Vassileva, a memorable Liu in the 1998 "Turandot" here, made her  entrance like a stage four hurricane and never calmed down during the  three-hour performance - it was a crescendo from curtain to curtain that  worked well when she sang of love, as in "un bel di," but not when she  consoled her son "Sorrow" or approached the tragic finale.

Secco sang with a tailored Italianate voice of considerable ardor,  but there was little vocal grace or gentleness in his performance. He was  persuasive vocally only when he expressed his remorse for the betrayal of  Butterfly in Act 2.

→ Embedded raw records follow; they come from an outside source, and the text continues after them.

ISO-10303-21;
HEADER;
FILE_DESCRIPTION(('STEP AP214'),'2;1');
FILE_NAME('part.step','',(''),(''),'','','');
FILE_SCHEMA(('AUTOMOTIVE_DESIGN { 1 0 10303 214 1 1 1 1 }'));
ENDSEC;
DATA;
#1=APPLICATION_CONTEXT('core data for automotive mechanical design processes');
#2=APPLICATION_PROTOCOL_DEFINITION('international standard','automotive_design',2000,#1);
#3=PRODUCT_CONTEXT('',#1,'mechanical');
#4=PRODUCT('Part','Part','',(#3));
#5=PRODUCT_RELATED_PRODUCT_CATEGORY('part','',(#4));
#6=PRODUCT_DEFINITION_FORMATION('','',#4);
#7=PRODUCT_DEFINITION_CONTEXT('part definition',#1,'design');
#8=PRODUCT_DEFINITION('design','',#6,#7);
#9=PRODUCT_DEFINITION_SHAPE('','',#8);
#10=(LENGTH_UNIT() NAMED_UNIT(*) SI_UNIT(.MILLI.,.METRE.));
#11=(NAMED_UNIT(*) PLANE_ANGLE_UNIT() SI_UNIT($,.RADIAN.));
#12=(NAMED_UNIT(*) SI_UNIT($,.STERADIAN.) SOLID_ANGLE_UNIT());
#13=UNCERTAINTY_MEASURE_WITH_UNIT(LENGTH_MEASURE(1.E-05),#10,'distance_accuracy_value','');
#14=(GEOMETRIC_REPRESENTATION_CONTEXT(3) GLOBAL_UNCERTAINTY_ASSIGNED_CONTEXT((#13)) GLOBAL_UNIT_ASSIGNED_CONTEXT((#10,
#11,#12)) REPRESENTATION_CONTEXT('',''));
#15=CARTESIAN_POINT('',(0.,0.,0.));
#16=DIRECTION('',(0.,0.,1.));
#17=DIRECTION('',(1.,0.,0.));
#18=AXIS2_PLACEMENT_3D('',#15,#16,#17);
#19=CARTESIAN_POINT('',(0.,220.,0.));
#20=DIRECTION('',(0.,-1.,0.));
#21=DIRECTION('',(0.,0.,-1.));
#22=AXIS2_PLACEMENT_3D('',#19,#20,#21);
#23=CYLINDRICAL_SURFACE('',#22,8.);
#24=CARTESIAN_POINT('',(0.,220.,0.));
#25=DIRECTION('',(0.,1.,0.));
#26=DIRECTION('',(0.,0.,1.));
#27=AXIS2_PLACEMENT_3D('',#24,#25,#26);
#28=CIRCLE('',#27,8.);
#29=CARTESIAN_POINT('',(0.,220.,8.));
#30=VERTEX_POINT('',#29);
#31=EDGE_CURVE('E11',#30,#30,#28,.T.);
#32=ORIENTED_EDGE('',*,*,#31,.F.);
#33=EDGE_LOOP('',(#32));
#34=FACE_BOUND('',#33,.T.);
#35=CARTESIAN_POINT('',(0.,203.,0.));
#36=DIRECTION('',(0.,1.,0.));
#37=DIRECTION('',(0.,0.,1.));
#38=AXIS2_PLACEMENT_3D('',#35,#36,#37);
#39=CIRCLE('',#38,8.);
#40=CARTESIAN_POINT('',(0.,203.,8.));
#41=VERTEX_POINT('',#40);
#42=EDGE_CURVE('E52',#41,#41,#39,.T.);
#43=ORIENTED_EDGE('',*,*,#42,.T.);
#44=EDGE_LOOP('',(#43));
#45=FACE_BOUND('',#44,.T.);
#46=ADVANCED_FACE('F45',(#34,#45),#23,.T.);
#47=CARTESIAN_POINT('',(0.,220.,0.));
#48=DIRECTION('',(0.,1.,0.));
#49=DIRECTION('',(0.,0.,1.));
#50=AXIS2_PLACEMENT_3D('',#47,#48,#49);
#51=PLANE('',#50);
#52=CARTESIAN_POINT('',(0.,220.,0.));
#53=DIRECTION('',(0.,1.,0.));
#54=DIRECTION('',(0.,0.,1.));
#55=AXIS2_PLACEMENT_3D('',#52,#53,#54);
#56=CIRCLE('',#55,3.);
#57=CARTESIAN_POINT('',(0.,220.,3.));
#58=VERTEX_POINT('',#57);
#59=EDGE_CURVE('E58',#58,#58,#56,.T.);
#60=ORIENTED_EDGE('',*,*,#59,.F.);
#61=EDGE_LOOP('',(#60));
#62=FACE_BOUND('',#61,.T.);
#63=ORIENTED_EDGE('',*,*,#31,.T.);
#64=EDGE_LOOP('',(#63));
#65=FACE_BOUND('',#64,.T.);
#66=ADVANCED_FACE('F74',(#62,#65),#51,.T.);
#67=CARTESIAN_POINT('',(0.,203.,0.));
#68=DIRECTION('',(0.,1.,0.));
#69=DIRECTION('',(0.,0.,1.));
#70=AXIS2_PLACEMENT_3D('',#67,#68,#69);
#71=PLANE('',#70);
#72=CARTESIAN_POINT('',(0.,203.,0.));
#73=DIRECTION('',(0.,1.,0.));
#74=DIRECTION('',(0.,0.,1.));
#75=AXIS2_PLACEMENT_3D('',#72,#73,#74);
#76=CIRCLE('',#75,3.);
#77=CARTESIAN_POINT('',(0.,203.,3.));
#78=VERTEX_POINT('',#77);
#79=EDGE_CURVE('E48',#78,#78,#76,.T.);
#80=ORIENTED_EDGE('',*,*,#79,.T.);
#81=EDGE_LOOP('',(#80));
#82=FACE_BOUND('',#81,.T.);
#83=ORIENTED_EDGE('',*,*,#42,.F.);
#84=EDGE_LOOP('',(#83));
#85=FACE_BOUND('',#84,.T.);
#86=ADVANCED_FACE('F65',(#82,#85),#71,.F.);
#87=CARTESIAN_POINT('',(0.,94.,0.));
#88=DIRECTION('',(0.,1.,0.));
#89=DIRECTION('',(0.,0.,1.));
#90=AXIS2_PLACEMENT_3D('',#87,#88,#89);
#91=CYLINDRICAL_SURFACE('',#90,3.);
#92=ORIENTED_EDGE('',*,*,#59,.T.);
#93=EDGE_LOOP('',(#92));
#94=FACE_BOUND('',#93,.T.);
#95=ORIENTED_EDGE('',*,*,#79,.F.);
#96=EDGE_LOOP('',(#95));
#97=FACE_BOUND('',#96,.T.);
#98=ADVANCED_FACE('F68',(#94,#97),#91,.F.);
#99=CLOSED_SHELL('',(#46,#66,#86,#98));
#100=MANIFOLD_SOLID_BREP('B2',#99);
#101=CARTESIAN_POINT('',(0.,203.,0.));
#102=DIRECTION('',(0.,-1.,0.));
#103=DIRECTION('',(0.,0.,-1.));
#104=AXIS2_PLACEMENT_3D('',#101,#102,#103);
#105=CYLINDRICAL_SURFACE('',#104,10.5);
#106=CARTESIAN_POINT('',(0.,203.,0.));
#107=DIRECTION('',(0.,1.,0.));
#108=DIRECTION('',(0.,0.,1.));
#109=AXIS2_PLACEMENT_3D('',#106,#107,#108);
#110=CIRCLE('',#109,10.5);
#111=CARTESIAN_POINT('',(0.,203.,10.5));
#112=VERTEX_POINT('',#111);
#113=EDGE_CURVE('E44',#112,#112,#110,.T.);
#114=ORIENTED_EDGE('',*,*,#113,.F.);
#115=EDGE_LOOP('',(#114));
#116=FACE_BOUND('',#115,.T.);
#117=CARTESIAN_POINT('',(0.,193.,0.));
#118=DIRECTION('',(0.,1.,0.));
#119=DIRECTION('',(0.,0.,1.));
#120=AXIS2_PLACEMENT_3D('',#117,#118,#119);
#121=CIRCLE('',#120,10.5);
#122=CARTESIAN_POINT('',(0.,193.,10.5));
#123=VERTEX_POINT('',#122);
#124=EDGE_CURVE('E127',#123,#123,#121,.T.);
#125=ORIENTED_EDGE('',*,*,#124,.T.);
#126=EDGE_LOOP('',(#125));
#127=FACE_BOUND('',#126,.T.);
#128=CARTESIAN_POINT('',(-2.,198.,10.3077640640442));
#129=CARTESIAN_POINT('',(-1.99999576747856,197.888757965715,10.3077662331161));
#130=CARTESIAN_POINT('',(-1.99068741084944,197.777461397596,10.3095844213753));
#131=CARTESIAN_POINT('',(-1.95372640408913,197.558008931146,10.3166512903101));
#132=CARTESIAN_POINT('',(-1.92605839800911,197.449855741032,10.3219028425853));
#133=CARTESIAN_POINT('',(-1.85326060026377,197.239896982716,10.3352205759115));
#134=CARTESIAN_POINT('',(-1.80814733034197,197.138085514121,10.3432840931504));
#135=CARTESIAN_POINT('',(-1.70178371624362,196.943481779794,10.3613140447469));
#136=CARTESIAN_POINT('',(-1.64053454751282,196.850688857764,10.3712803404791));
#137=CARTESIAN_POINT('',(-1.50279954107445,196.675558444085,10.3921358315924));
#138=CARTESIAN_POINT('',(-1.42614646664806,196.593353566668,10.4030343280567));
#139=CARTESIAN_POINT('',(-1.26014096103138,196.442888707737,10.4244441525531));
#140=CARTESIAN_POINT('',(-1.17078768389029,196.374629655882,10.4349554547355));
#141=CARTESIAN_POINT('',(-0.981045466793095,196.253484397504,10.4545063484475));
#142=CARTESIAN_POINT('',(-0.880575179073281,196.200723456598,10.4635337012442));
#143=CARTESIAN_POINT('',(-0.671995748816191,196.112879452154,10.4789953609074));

Quinn Kelsey and Daveda Karanas portrayed the U.S. Consul  Sharpless and Butterfly's maid Suzuki, who try to protect Cio-Cio-San, with  an extra measure of warmth and handsome presence, representing the humanity  at the center of the opera. Also outstanding was the bluff Bonze of Christian  Van Horn and Thomas Glenn's Goro.

Jose Maria Condemi directs with simplicity and engaging detail:  Butterfly's suicide is always a tough call, but here it is quick and  realistic, and having a red ribbon drawn from her neck by a Koken after her  death makes a fine dramatic point.

The production is attractively costumed by Florence Klotz,  although Goro's and Cio-Cio-San's Western dress are confusing, and  beautifully lit by Christine Binder, who fills an important role in her debut  with the company

"Madame Butterfly" has eleven more performances at the San Francisco Opera,  with the roles of Cio-Cio-San and Sharpless double cast, through Nov. 27.